### Directions for this task
Apart from the images, repeat the data below exactly as written.

──────── Working data

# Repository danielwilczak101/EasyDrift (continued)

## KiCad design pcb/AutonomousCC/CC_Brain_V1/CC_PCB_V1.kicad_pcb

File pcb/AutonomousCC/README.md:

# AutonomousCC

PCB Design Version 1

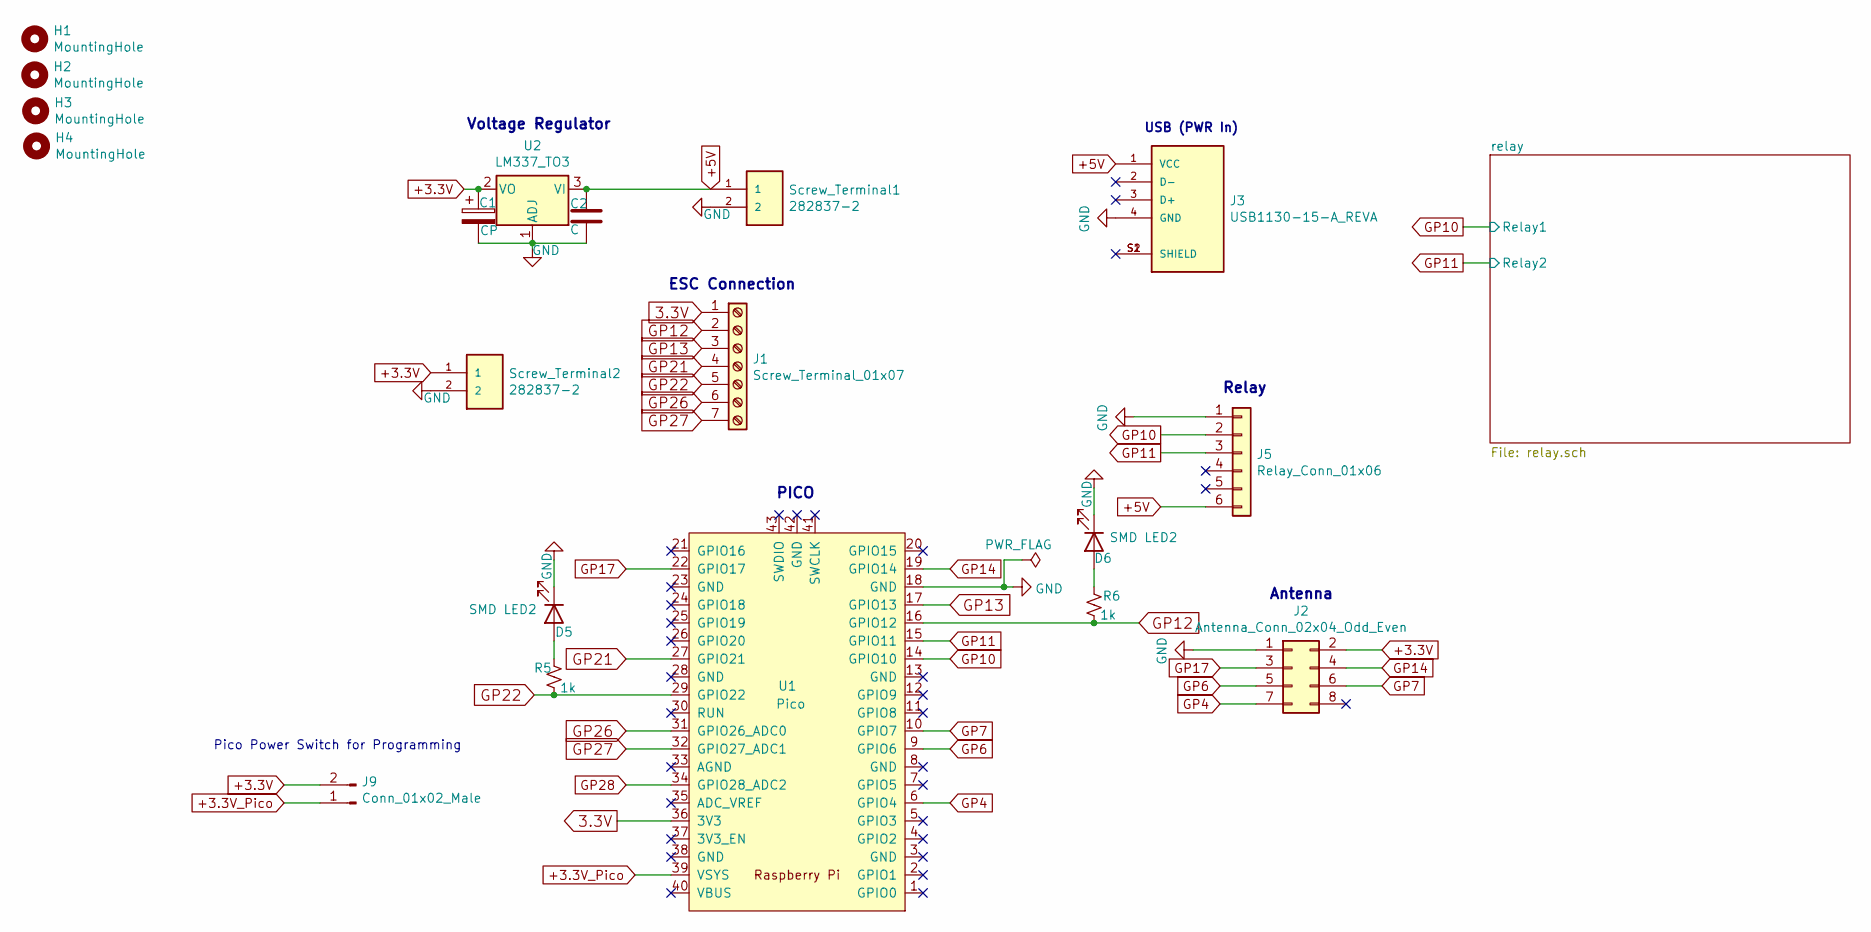
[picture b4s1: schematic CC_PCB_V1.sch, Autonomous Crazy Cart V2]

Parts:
C1: CP; CP_Radial_D4.0mm_P1.50mm
C2: C; CP_Radial_D4.0mm_P1.50mm
D5, D6: SMD LED2; LED_1206_3216Metric_Pad1.42x1.75mm_HandSolder
H1, H2, H3, H4: MountingHole; MountingHole_3mm
J1: Screw_Terminal_01x07; TerminalBlock_TE_282834-7_1x07_P2.54mm_Horizontal
J2: Antenna_Conn_02x04_Odd_Even; PinHeader_2x04_P2.54mm_Vertical
J3: USB1130-15-A_REVA; GCT_USB1130-15-A_REVA; PARTREV A
J5: Relay_Conn_01x06; PinHeader_1x06_P2.54mm_Vertical
J9: Conn_01x02_Male; PinHeader_1x02_P2.54mm_Vertical
R5, R6: 1k; R_0603_1608Metric_Pad0.98x0.95mm_HandSolder
Screw_Terminal1, Screw_Terminal2: 282837-2; TE_282837-2
U1: Pico; RPi_Pico_SMD_TH
U2: LM337_TO3; SOT230P696X180-4N

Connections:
3.3V: J1.1, U1.36 (3V3)
+3.3V: C1.1, J2.2, J9.2, Screw_Terminal2.1, U2.2 (VO)
+3.3V_Pico: J9.1, U1.39 (VSYS)
+5V: C2.1, J3.1 (VCC), J5.6, Screw_Terminal1.1, U2.3 (VI); also elsewhere on the board
GND: C1.2, C2.2, D5.1 (K), D6.1 (K), J2.1, J3.4 (GND), J5.1, Screw_Terminal1.2, Screw_Terminal2.2, U1.18 (GND), U2.1 (ADJ); also elsewhere on the board
GP4: J2.7, U1.6 (GPIO4)
GP6: J2.5, U1.9 (GPIO6)
GP7: J2.6, U1.10 (GPIO7)
GP10: J5.2, U1.14 (GPIO10); also elsewhere on the board
GP11: J5.3, U1.15 (GPIO11); also elsewhere on the board
GP12: J1.2, R6.2, U1.16 (GPIO12)
GP13: J1.3, U1.17 (GPIO13)
GP14: J2.4, U1.19 (GPIO14)
GP17: J2.3, U1.22 (GPIO17)
GP21: J1.4, U1.27 (GPIO21)
GP22: J1.5, R5.2, U1.29 (GPIO22)
GP26: J1.6, U1.31 (GPIO26_ADC0)
GP27: J1.7, U1.32 (GPIO27_ADC1)
GP28: U1.34 (GPIO28_ADC2)
unnamed: D5.2 (A), R5.1
unnamed: D6.2 (A), R6.1
unnamed: J3.S1 (SHIELD), J3.S2 (SHIELD)

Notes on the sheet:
Antenna
Relay
PICO
ESC Connection
Voltage Regulator
Pico Power Switch for Programming
USB (PWR In)

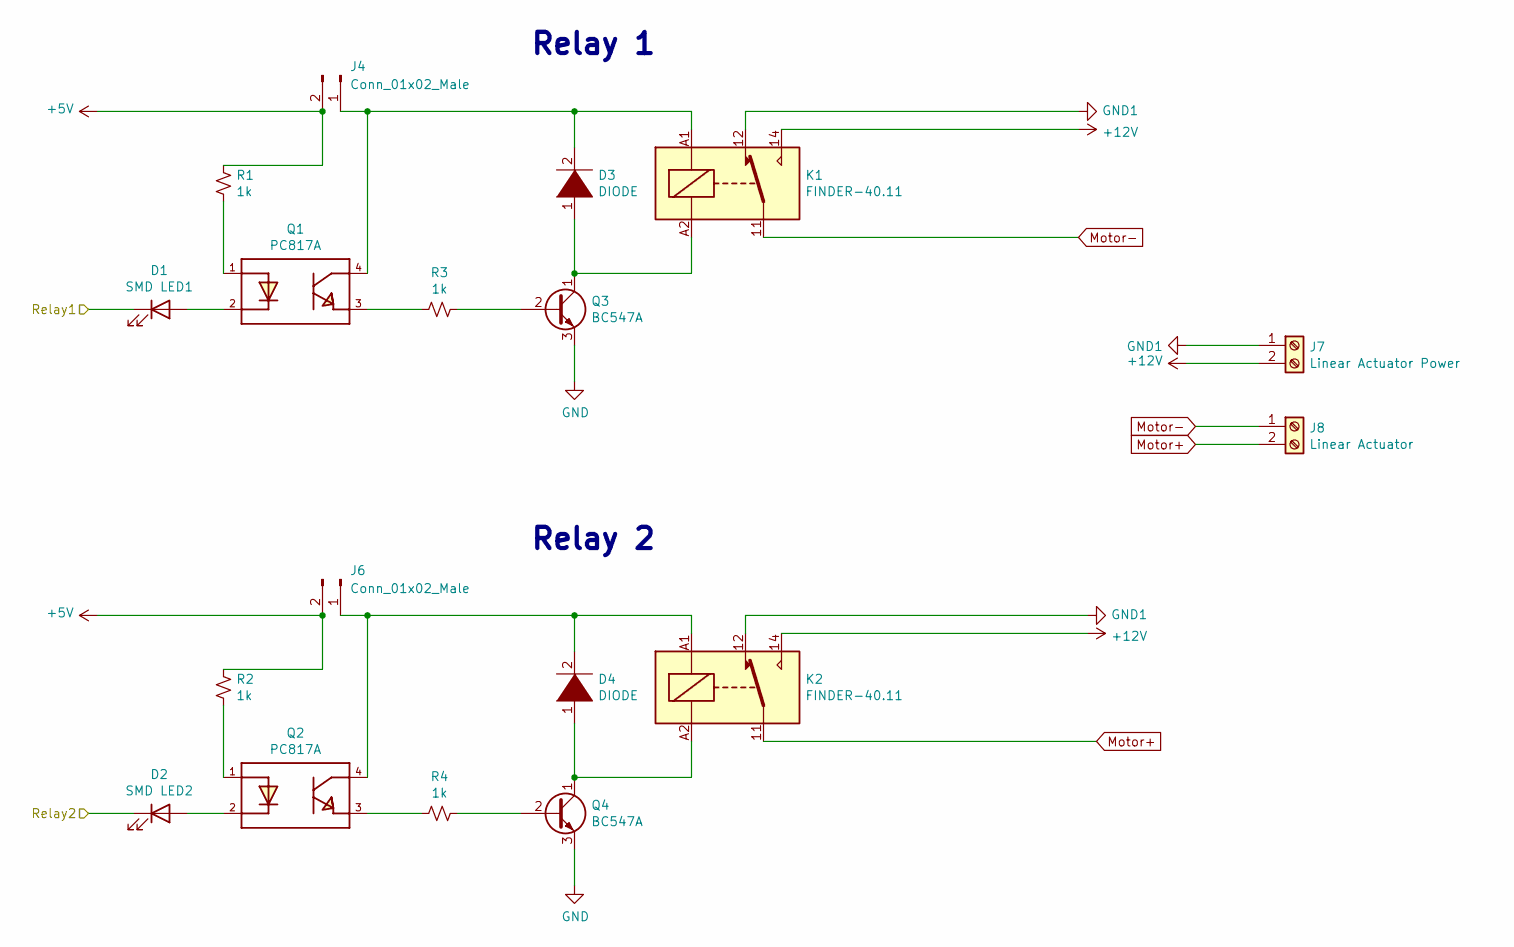
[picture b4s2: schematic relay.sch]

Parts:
D1: SMD LED1; LED_1206_3216Metric_Pad1.42x1.75mm_HandSolder
D2: SMD LED2; LED_1206_3216Metric_Pad1.42x1.75mm_HandSolder
D3, D4: DIODE; D_1210_3225Metric_Pad1.42x2.65mm_HandSolder
J4, J6: Conn_01x02_Male; PinHeader_1x02_P2.54mm_Vertical
J7: Linear Actuator Power; TE_282837-2
J8: Linear Actuator; TE_282837-2
K1, K2: FINDER-40.11; Relay_SPDT_Finder_36.11
Q1, Q2: PC817A; DIP762W50P254L650H458Q4B
Q3, Q4: BC547A; TO-92_Inline
R1, R2, R3, R4: 1k; R_0603_1608Metric_Pad0.98x0.95mm_HandSolder

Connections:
+5V: J4.2, J6.2, R1.1, R2.1; also elsewhere on the board
+12V: J7.2, K1.14, K2.14
GND: Q3.3 (E), Q4.3 (E); also elsewhere on the board
GND1: J7.1, K1.12, K2.12
GP10: D1.1 (K); also elsewhere on the board
GP11: D2.1 (K); also elsewhere on the board
Motor+: J8.2, K2.11
Motor-: J8.1, K1.11
unnamed: D1.2 (A), Q1.2
unnamed: D2.2 (A), Q2.2
unnamed: D3.1 (K), K1.A2, Q3.1 (C)
unnamed: D3.2 (A), J4.1, K1.A1, Q1.4
unnamed: D4.1 (K), K2.A2, Q4.1 (C)
unnamed: D4.2 (A), J6.1, K2.A1, Q2.4
unnamed: Q1.1, R1.2
unnamed: Q1.3, R3.2
unnamed: Q2.1, R2.2
unnamed: Q2.3, R4.2
unnamed: Q3.2 (B), R3.1
unnamed: Q4.2 (B), R4.1

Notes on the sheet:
Relay 1
Relay 2

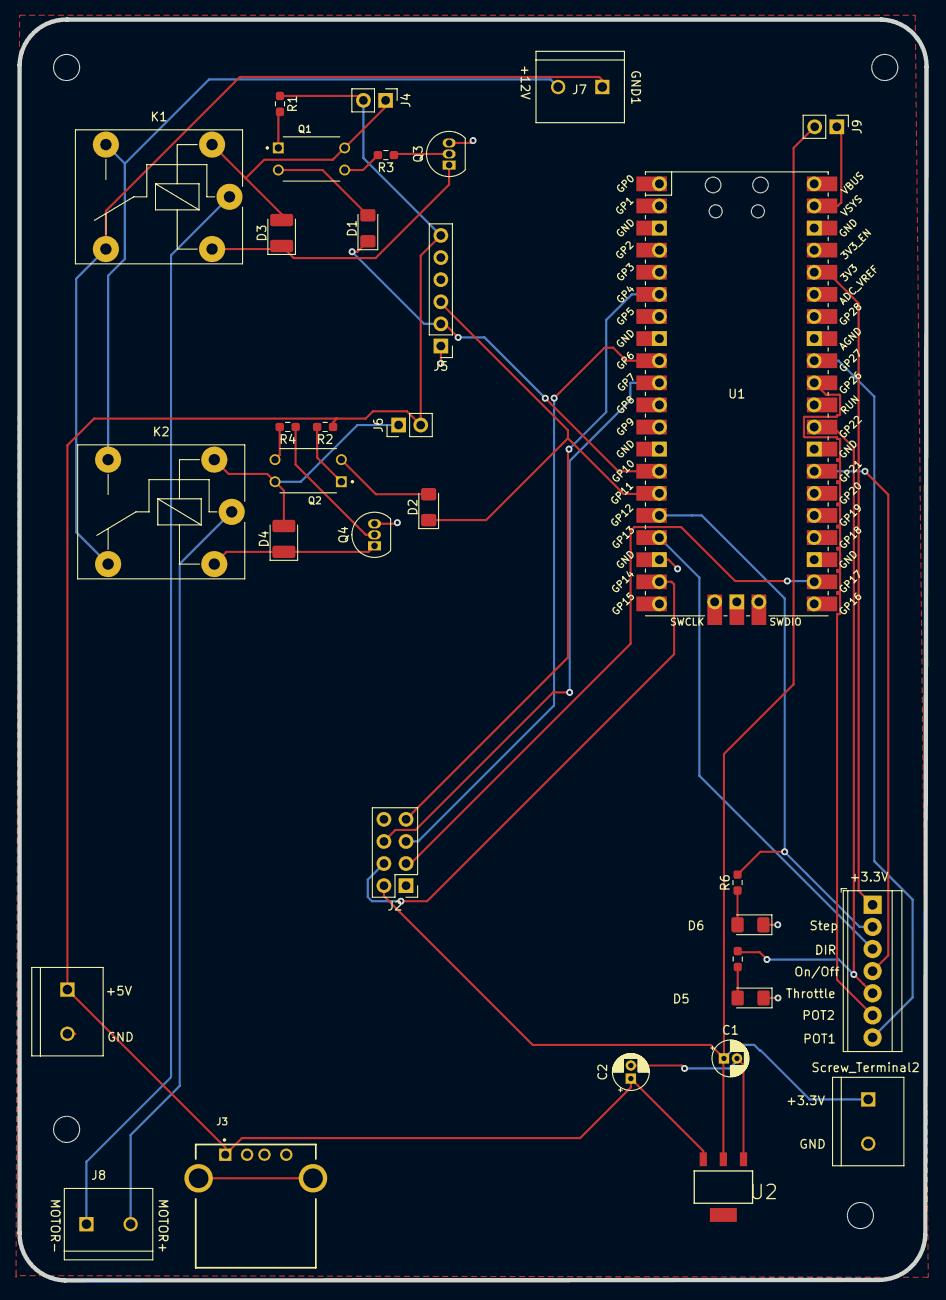
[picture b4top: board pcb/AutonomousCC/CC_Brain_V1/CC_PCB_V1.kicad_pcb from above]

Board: 2 copper layers, 104.2 x 144.9 mm, 37 parts (0 on the bottom side), 37 nets.

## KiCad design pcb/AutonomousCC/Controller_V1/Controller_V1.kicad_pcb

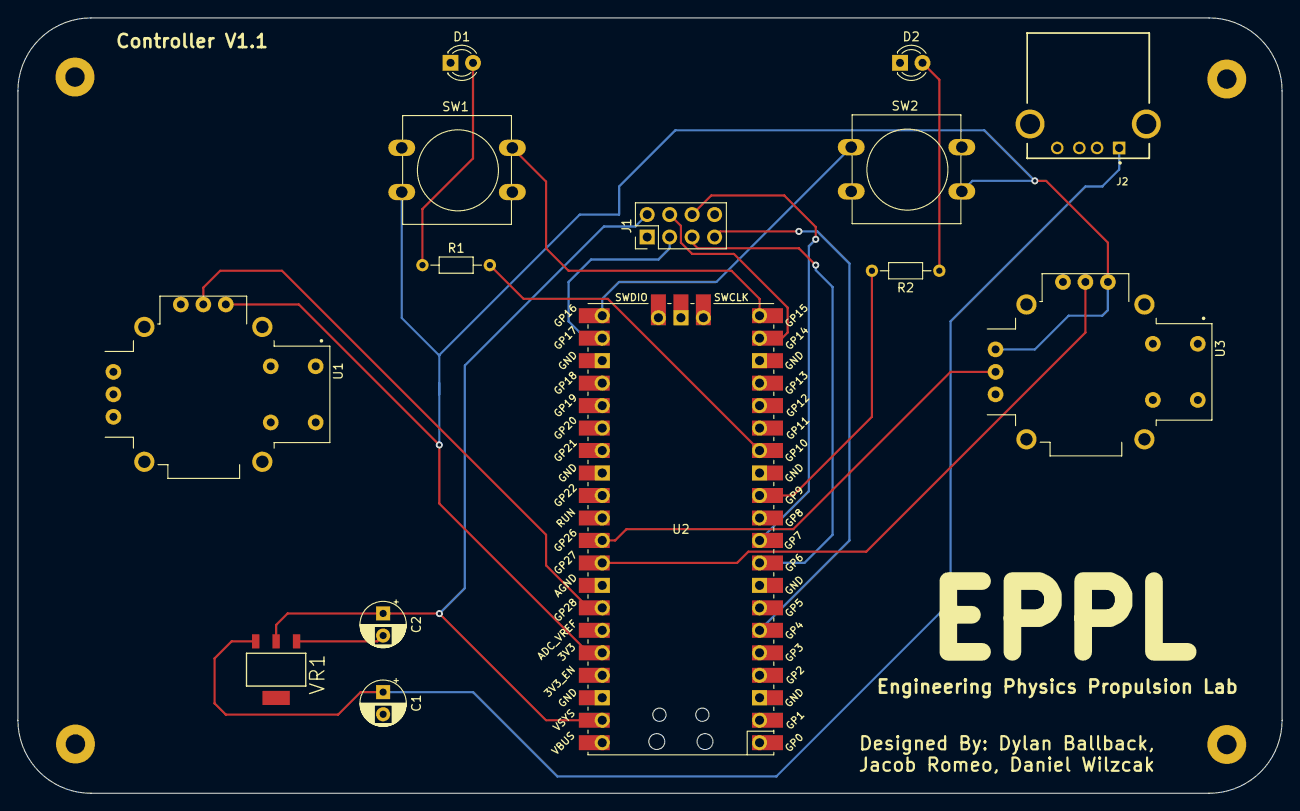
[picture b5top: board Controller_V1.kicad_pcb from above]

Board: 2 copper layers, 142.9 x 87.6 mm, 18 parts (0 on the bottom side), 21 nets.

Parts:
C1: C_Small; CP_Radial_D5.0mm_P2.50mm
C2: CP1; CP_Radial_D5.0mm_P2.50mm
D1: Green_LED; LED_D3.0mm
D2: RED_LED; LED_D3.0mm
H4: MountingHole; MountingHole_2.2mm_M2_Pad
He: MountingHole; MountingHole_2.2mm_M2_Pad
He#2: MountingHole; MountingHole_2.2mm_M2_Pad
J1: Antenna_Conn_02x04_Odd_Even; PinHeader_2x04_P2.54mm_Vertical
J2: USB1130-15-A_REVA; GCT_USB1130-15-A_REVA
R1, R2: 220_R_Small_US; R_Axial_DIN0204_L3.6mm_D1.6mm_P7.62mm_Horizontal
SW1, SW2: SW_12mm_Push; SW_PUSH-12mm
U1, U3: COM-09032; XDCR_COM-09032
U2: Pico; RPi_Pico_SMD_TH
VR1: LM1117T-3.3_NOPB; SOT230P696X180-4N
e: MountingHole; MountingHole_2.2mm_M2_Pad

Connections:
+3.3VA: C2.1, J1.2, U2.39, VR1.2
+3V3: SW1.2, SW2.2, U1.V1, U2.36, U3.H1, U3.V1
+5V: C1.1, J2.1, VR1.3
GND: C1.2, C2.2, D1.1, D2.1, J1.1, J2.4, U1.V3, U2.38, U3.H3, U3.V3, VR1.1
GP04: J1.7, U2.6
GP06: J1.5, U2.9
GP07: J1.6, U2.10
GP09: R2.2, U2.12
GP10: R1.2, U2.14
GP14: J1.4, U2.19
GP15: SW1.1, U2.20
GP16: SW2.1, U2.21
GP17: J1.3, U2.22
GP26: U2.31, U3.H2
GP27: U2.32, U3.V2
GP28: U1.V2, U2.34
unnamed: D1.2, R1.1
unnamed: D2.2, R2.1
unnamed: J2.S1, J2.S2
unnamed: U1.S1, U1.S2, U1.S3, U1.S4
unnamed: U3.S1, U3.S2, U3.S3, U3.S4

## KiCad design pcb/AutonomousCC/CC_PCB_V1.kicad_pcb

────────────────

### Output for this task
# Repository danielwilczak101/EasyDrift (continued)

## KiCad design pcb/AutonomousCC/CC_Brain_V1/CC_PCB_V1.kicad_pcb

File pcb/AutonomousCC/README.md:

# AutonomousCC

PCB Design Version 1

[picture b4s1: schematic CC_PCB_V1.sch, Autonomous Crazy Cart V2]

Parts:
C1: CP; CP_Radial_D4.0mm_P1.50mm
C2: C; CP_Radial_D4.0mm_P1.50mm
D5, D6: SMD LED2; LED_1206_3216Metric_Pad1.42x1.75mm_HandSolder
H1, H2, H3, H4: MountingHole; MountingHole_3mm
J1: Screw_Terminal_01x07; TerminalBlock_TE_282834-7_1x07_P2.54mm_Horizontal
J2: Antenna_Conn_02x04_Odd_Even; PinHeader_2x04_P2.54mm_Vertical
J3: USB1130-15-A_REVA; GCT_USB1130-15-A_REVA; PARTREV A
J5: Relay_Conn_01x06; PinHeader_1x06_P2.54mm_Vertical
J9: Conn_01x02_Male; PinHeader_1x02_P2.54mm_Vertical
R5, R6: 1k; R_0603_1608Metric_Pad0.98x0.95mm_HandSolder
Screw_Terminal1, Screw_Terminal2: 282837-2; TE_282837-2
U1: Pico; RPi_Pico_SMD_TH
U2: LM337_TO3; SOT230P696X180-4N

Connections:
3.3V: J1.1, U1.36 (3V3)
+3.3V: C1.1, J2.2, J9.2, Screw_Terminal2.1, U2.2 (VO)
+3.3V_Pico: J9.1, U1.39 (VSYS)
+5V: C2.1, J3.1 (VCC), J5.6, Screw_Terminal1.1, U2.3 (VI); also elsewhere on the board
GND: C1.2, C2.2, D5.1 (K), D6.1 (K), J2.1, J3.4 (GND), J5.1, Screw_Terminal1.2, Screw_Terminal2.2, U1.18 (GND), U2.1 (ADJ); also elsewhere on the board
GP4: J2.7, U1.6 (GPIO4)
GP6: J2.5, U1.9 (GPIO6)
GP7: J2.6, U1.10 (GPIO7)
GP10: J5.2, U1.14 (GPIO10); also elsewhere on the board
GP11: J5.3, U1.15 (GPIO11); also elsewhere on the board
GP12: J1.2, R6.2, U1.16 (GPIO12)
GP13: J1.3, U1.17 (GPIO13)
GP14: J2.4, U1.19 (GPIO14)
GP17: J2.3, U1.22 (GPIO17)
GP21: J1.4, U1.27 (GPIO21)
GP22: J1.5, R5.2, U1.29 (GPIO22)
GP26: J1.6, U1.31 (GPIO26_ADC0)
GP27: J1.7, U1.32 (GPIO27_ADC1)
GP28: U1.34 (GPIO28_ADC2)
unnamed: D5.2 (A), R5.1
unnamed: D6.2 (A), R6.1
unnamed: J3.S1 (SHIELD), J3.S2 (SHIELD)

Notes on the sheet:
Antenna
Relay
PICO
ESC Connection
Voltage Regulator
Pico Power Switch for Programming
USB (PWR In)

[picture b4s2: schematic relay.sch]

Parts:
D1: SMD LED1; LED_1206_3216Metric_Pad1.42x1.75mm_HandSolder
D2: SMD LED2; LED_1206_3216Metric_Pad1.42x1.75mm_HandSolder
D3, D4: DIODE; D_1210_3225Metric_Pad1.42x2.65mm_HandSolder
J4, J6: Conn_01x02_Male; PinHeader_1x02_P2.54mm_Vertical
J7: Linear Actuator Power; TE_282837-2
J8: Linear Actuator; TE_282837-2
K1, K2: FINDER-40.11; Relay_SPDT_Finder_36.11
Q1, Q2: PC817A; DIP762W50P254L650H458Q4B
Q3, Q4: BC547A; TO-92_Inline
R1, R2, R3, R4: 1k; R_0603_1608Metric_Pad0.98x0.95mm_HandSolder

Connections:
+5V: J4.2, J6.2, R1.1, R2.1; also elsewhere on the board
+12V: J7.2, K1.14, K2.14
GND: Q3.3 (E), Q4.3 (E); also elsewhere on the board
GND1: J7.1, K1.12, K2.12
GP10: D1.1 (K); also elsewhere on the board
GP11: D2.1 (K); also elsewhere on the board
Motor+: J8.2, K2.11
Motor-: J8.1, K1.11
unnamed: D1.2 (A), Q1.2
unnamed: D2.2 (A), Q2.2
unnamed: D3.1 (K), K1.A2, Q3.1 (C)
unnamed: D3.2 (A), J4.1, K1.A1, Q1.4
unnamed: D4.1 (K), K2.A2, Q4.1 (C)
unnamed: D4.2 (A), J6.1, K2.A1, Q2.4
unnamed: Q1.1, R1.2
unnamed: Q1.3, R3.2
unnamed: Q2.1, R2.2
unnamed: Q2.3, R4.2
unnamed: Q3.2 (B), R3.1
unnamed: Q4.2 (B), R4.1

Notes on the sheet:
Relay 1
Relay 2

[picture b4top: board pcb/AutonomousCC/CC_Brain_V1/CC_PCB_V1.kicad_pcb from above]

Board: 2 copper layers, 104.2 x 144.9 mm, 37 parts (0 on the bottom side), 37 nets.

## KiCad design pcb/AutonomousCC/Controller_V1/Controller_V1.kicad_pcb

[picture b5top: board Controller_V1.kicad_pcb from above]

Board: 2 copper layers, 142.9 x 87.6 mm, 18 parts (0 on the bottom side), 21 nets.

Parts:
C1: C_Small; CP_Radial_D5.0mm_P2.50mm
C2: CP1; CP_Radial_D5.0mm_P2.50mm
D1: Green_LED; LED_D3.0mm
D2: RED_LED; LED_D3.0mm
H4: MountingHole; MountingHole_2.2mm_M2_Pad
He: MountingHole; MountingHole_2.2mm_M2_Pad
He#2: MountingHole; MountingHole_2.2mm_M2_Pad
J1: Antenna_Conn_02x04_Odd_Even; PinHeader_2x04_P2.54mm_Vertical
J2: USB1130-15-A_REVA; GCT_USB1130-15-A_REVA
R1, R2: 220_R_Small_US; R_Axial_DIN0204_L3.6mm_D1.6mm_P7.62mm_Horizontal
SW1, SW2: SW_12mm_Push; SW_PUSH-12mm
U1, U3: COM-09032; XDCR_COM-09032
U2: Pico; RPi_Pico_SMD_TH
VR1: LM1117T-3.3_NOPB; SOT230P696X180-4N
e: MountingHole; MountingHole_2.2mm_M2_Pad

Connections:
+3.3VA: C2.1, J1.2, U2.39, VR1.2
+3V3: SW1.2, SW2.2, U1.V1, U2.36, U3.H1, U3.V1
+5V: C1.1, J2.1, VR1.3
GND: C1.2, C2.2, D1.1, D2.1, J1.1, J2.4, U1.V3, U2.38, U3.H3, U3.V3, VR1.1
GP04: J1.7, U2.6
GP06: J1.5, U2.9
GP07: J1.6, U2.10
GP09: R2.2, U2.12
GP10: R1.2, U2.14
GP14: J1.4, U2.19
GP15: SW1.1, U2.20
GP16: SW2.1, U2.21
GP17: J1.3, U2.22
GP26: U2.31, U3.H2
GP27: U2.32, U3.V2
GP28: U1.V2, U2.34
unnamed: D1.2, R1.1
unnamed: D2.2, R2.1
unnamed: J2.S1, J2.S2
unnamed: U1.S1, U1.S2, U1.S3, U1.S4
unnamed: U3.S1, U3.S2, U3.S3, U3.S4

## KiCad design pcb/AutonomousCC/CC_PCB_V1.kicad_pcb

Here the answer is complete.